*** Opening Data to examine ***
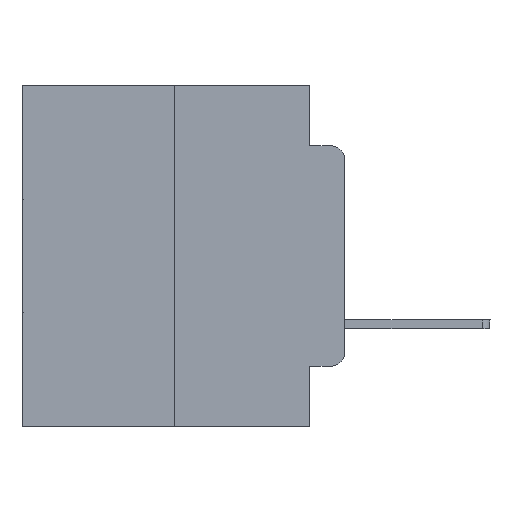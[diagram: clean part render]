
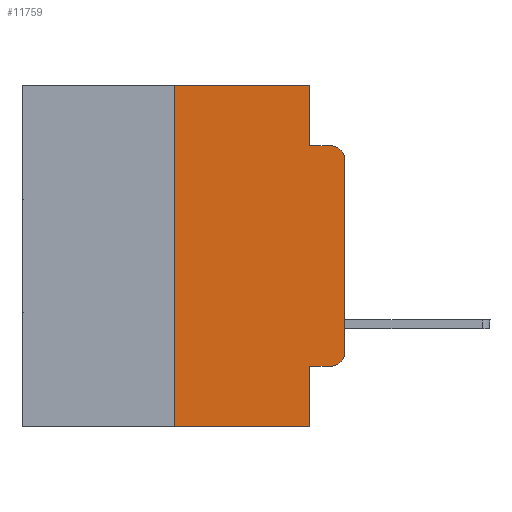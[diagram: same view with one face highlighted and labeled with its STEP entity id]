
A CAD part, left-side view. The second image highlights one B-rep face of the part: STEP entity #11759.
In plain terms, the highlighted planar face has unit normal (-1, 0, 0).
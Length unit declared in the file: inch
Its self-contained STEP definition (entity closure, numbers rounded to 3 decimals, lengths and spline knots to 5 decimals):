
#178 = DIRECTION ( 'NONE',  ( 0., 0., -1. ) ) ;
#320 = ORIENTED_EDGE ( 'NONE', *, *, #20053, .F. ) ;
#361 = EDGE_CURVE ( 'NONE', #21486, #19622, #7211, .T. ) ;
#375 = CARTESIAN_POINT ( 'NONE',  ( 0., 0.02, -0.4115 ) ) ;
#494 = CARTESIAN_POINT ( 'NONE',  ( 0., 0.25, 0. ) ) ;
#539 = CARTESIAN_POINT ( 'NONE',  ( 0., 0.051, 0. ) ) ;
#771 = LINE ( 'NONE', #494, #19558 ) ;
#1230 = LINE ( 'NONE', #22197, #9539 ) ;
#1393 = DIRECTION ( 'NONE',  ( -1., 0., 0. ) ) ;
#2260 = FACE_OUTER_BOUND ( 'NONE', #27531, .T. ) ;
#2411 = LINE ( 'NONE', #15263, #9622 ) ;
#2510 = ORIENTED_EDGE ( 'NONE', *, *, #17015, .T. ) ;
#2735 = CIRCLE ( 'NONE', #10332, 0.02 ) ;
#2785 = EDGE_CURVE ( 'NONE', #22533, #19622, #2735, .T. ) ;
#4343 = EDGE_CURVE ( 'NONE', #25978, #25469, #7428, .T. ) ;
#5122 = AXIS2_PLACEMENT_3D ( 'NONE', #5657, #5927, #18482 ) ;
#5123 = VECTOR ( 'NONE', #18452, 39.37008 ) ;
#5606 = EDGE_CURVE ( 'NONE', #5973, #22533, #21840, .T. ) ;
#5657 = CARTESIAN_POINT ( 'NONE',  ( 0., 0.02, -0.3915 ) ) ;
#5927 = DIRECTION ( 'NONE',  ( -1., 0., 0. ) ) ;
#5973 = VERTEX_POINT ( 'NONE', #19422 ) ;
#7211 = LINE ( 'NONE', #11673, #7258 ) ;
#7258 = VECTOR ( 'NONE', #15704, 39.37008 ) ;
#7428 = LINE ( 'NONE', #24163, #14808 ) ;
#7540 = DIRECTION ( 'NONE',  ( 0., -1., 0. ) ) ;
#7588 = CARTESIAN_POINT ( 'NONE',  ( 0., 0.051, -0.0885 ) ) ;
#8899 = EDGE_CURVE ( 'NONE', #12893, #11500, #20553, .T. ) ;
#9539 = VECTOR ( 'NONE', #7540, 39.37008 ) ;
#9622 = VECTOR ( 'NONE', #17075, 39.37008 ) ;
#9830 = CARTESIAN_POINT ( 'NONE',  ( 0., 0.25, 0. ) ) ;
#9960 = CARTESIAN_POINT ( 'NONE',  ( 0., 0.051, -0.4115 ) ) ;
#10332 = AXIS2_PLACEMENT_3D ( 'NONE', #24593, #1393, #16207 ) ;
#10648 = ORIENTED_EDGE ( 'NONE', *, *, #4343, .F. ) ;
#10740 = ORIENTED_EDGE ( 'NONE', *, *, #24173, .F. ) ;
#10800 = PLANE ( 'NONE',  #13374 ) ;
#10962 = CARTESIAN_POINT ( 'NONE',  ( 0., 0., 0. ) ) ;
#11270 = CARTESIAN_POINT ( 'NONE',  ( 0., 0.051, 0. ) ) ;
#11309 = DIRECTION ( 'NONE',  ( 0., 0., -1. ) ) ;
#11500 = VERTEX_POINT ( 'NONE', #375 ) ;
#11673 = CARTESIAN_POINT ( 'NONE',  ( 0., 0.051, -0.0885 ) ) ;
#11678 = DIRECTION ( 'NONE',  ( 0., 0., 1. ) ) ;
#11759 = ADVANCED_FACE ( 'NONE', ( #2260 ), #10800, .F. ) ;
#12893 = VERTEX_POINT ( 'NONE', #16006 ) ;
#13112 = ORIENTED_EDGE ( 'NONE', *, *, #5606, .T. ) ;
#13374 = AXIS2_PLACEMENT_3D ( 'NONE', #21557, #19036, #178 ) ;
#14808 = VECTOR ( 'NONE', #20263, 39.37008 ) ;
#15263 = CARTESIAN_POINT ( 'NONE',  ( 0., 0.051, 0. ) ) ;
#15704 = DIRECTION ( 'NONE',  ( 0., -1., 0. ) ) ;
#15738 = VECTOR ( 'NONE', #17764, 39.37008 ) ;
#15931 = ORIENTED_EDGE ( 'NONE', *, *, #361, .F. ) ;
#16006 = CARTESIAN_POINT ( 'NONE',  ( 0., 0.051, -0.4115 ) ) ;
#16207 = DIRECTION ( 'NONE',  ( 0., 0., -1. ) ) ;
#16630 = CARTESIAN_POINT ( 'NONE',  ( 0., 0.25, -0.5 ) ) ;
#16999 = ORIENTED_EDGE ( 'NONE', *, *, #8899, .T. ) ;
#17015 = EDGE_CURVE ( 'NONE', #20257, #19237, #1230, .T. ) ;
#17075 = DIRECTION ( 'NONE',  ( 0., 0., -1. ) ) ;
#17297 = LINE ( 'NONE', #539, #24948 ) ;
#17523 = CARTESIAN_POINT ( 'NONE',  ( 0., 0.02, -0.0885 ) ) ;
#17554 = CARTESIAN_POINT ( 'NONE',  ( 0., 0.051, -0.5 ) ) ;
#17764 = DIRECTION ( 'NONE',  ( 0., 0., 1. ) ) ;
#18063 = EDGE_CURVE ( 'NONE', #11500, #5973, #20301, .T. ) ;
#18452 = DIRECTION ( 'NONE',  ( 0., -1., 0. ) ) ;
#18482 = DIRECTION ( 'NONE',  ( 0., 0., -1. ) ) ;
#19036 = DIRECTION ( 'NONE',  ( 1., 0., 0. ) ) ;
#19098 = ORIENTED_EDGE ( 'NONE', *, *, #24878, .F. ) ;
#19237 = VERTEX_POINT ( 'NONE', #17554 ) ;
#19422 = CARTESIAN_POINT ( 'NONE',  ( 0., 0., -0.3915 ) ) ;
#19558 = VECTOR ( 'NONE', #11678, 39.37008 ) ;
#19622 = VERTEX_POINT ( 'NONE', #17523 ) ;
#20053 = EDGE_CURVE ( 'NONE', #25469, #21486, #2411, .T. ) ;
#20230 = ORIENTED_EDGE ( 'NONE', *, *, #2785, .T. ) ;
#20257 = VERTEX_POINT ( 'NONE', #16630 ) ;
#20263 = DIRECTION ( 'NONE',  ( 0., -1., 0. ) ) ;
#20301 = CIRCLE ( 'NONE', #5122, 0.02 ) ;
#20553 = LINE ( 'NONE', #9960, #5123 ) ;
#21486 = VERTEX_POINT ( 'NONE', #7588 ) ;
#21557 = CARTESIAN_POINT ( 'NONE',  ( 0., 0.473, 0. ) ) ;
#21840 = LINE ( 'NONE', #10962, #15738 ) ;
#22197 = CARTESIAN_POINT ( 'NONE',  ( 0., 0.473, -0.5 ) ) ;
#22533 = VERTEX_POINT ( 'NONE', #27045 ) ;
#24163 = CARTESIAN_POINT ( 'NONE',  ( 0., 0.473, 0. ) ) ;
#24173 = EDGE_CURVE ( 'NONE', #20257, #25978, #771, .T. ) ;
#24332 = ORIENTED_EDGE ( 'NONE', *, *, #18063, .T. ) ;
#24593 = CARTESIAN_POINT ( 'NONE',  ( 0., 0.02, -0.1085 ) ) ;
#24878 = EDGE_CURVE ( 'NONE', #12893, #19237, #17297, .T. ) ;
#24948 = VECTOR ( 'NONE', #11309, 39.37008 ) ;
#25469 = VERTEX_POINT ( 'NONE', #11270 ) ;
#25978 = VERTEX_POINT ( 'NONE', #9830 ) ;
#27045 = CARTESIAN_POINT ( 'NONE',  ( 0., 0., -0.1085 ) ) ;
#27531 = EDGE_LOOP ( 'NONE', ( #13112, #20230, #15931, #320, #10648, #10740, #2510, #19098, #16999, #24332 ) ) ;
*** Closing Data to examine ***
Your goal — Only the lines from the beginning of the records up to and including the line with "#539 = CARTESIAN_POINT" should appear, exactly as they are, and no pictures.

Exercise output —
[diagram: clean part render]
[diagram: same view with one face highlighted and labeled with its STEP entity id]
A CAD part, left-side view. The second image highlights one B-rep face of the part: STEP entity #11759.
In plain terms, the highlighted planar face has unit normal (-1, 0, 0).
Length unit declared in the file: inch
Its self-contained STEP definition (entity closure, numbers rounded to 3 decimals, lengths and spline knots to 5 decimals):
#178 = DIRECTION ( 'NONE',  ( 0., 0., -1. ) ) ;
#320 = ORIENTED_EDGE ( 'NONE', *, *, #20053, .F. ) ;
#361 = EDGE_CURVE ( 'NONE', #21486, #19622, #7211, .T. ) ;
#375 = CARTESIAN_POINT ( 'NONE',  ( 0., 0.02, -0.4115 ) ) ;
#494 = CARTESIAN_POINT ( 'NONE',  ( 0., 0.25, 0. ) ) ;
#539 = CARTESIAN_POINT ( 'NONE',  ( 0., 0.051, 0. ) ) ;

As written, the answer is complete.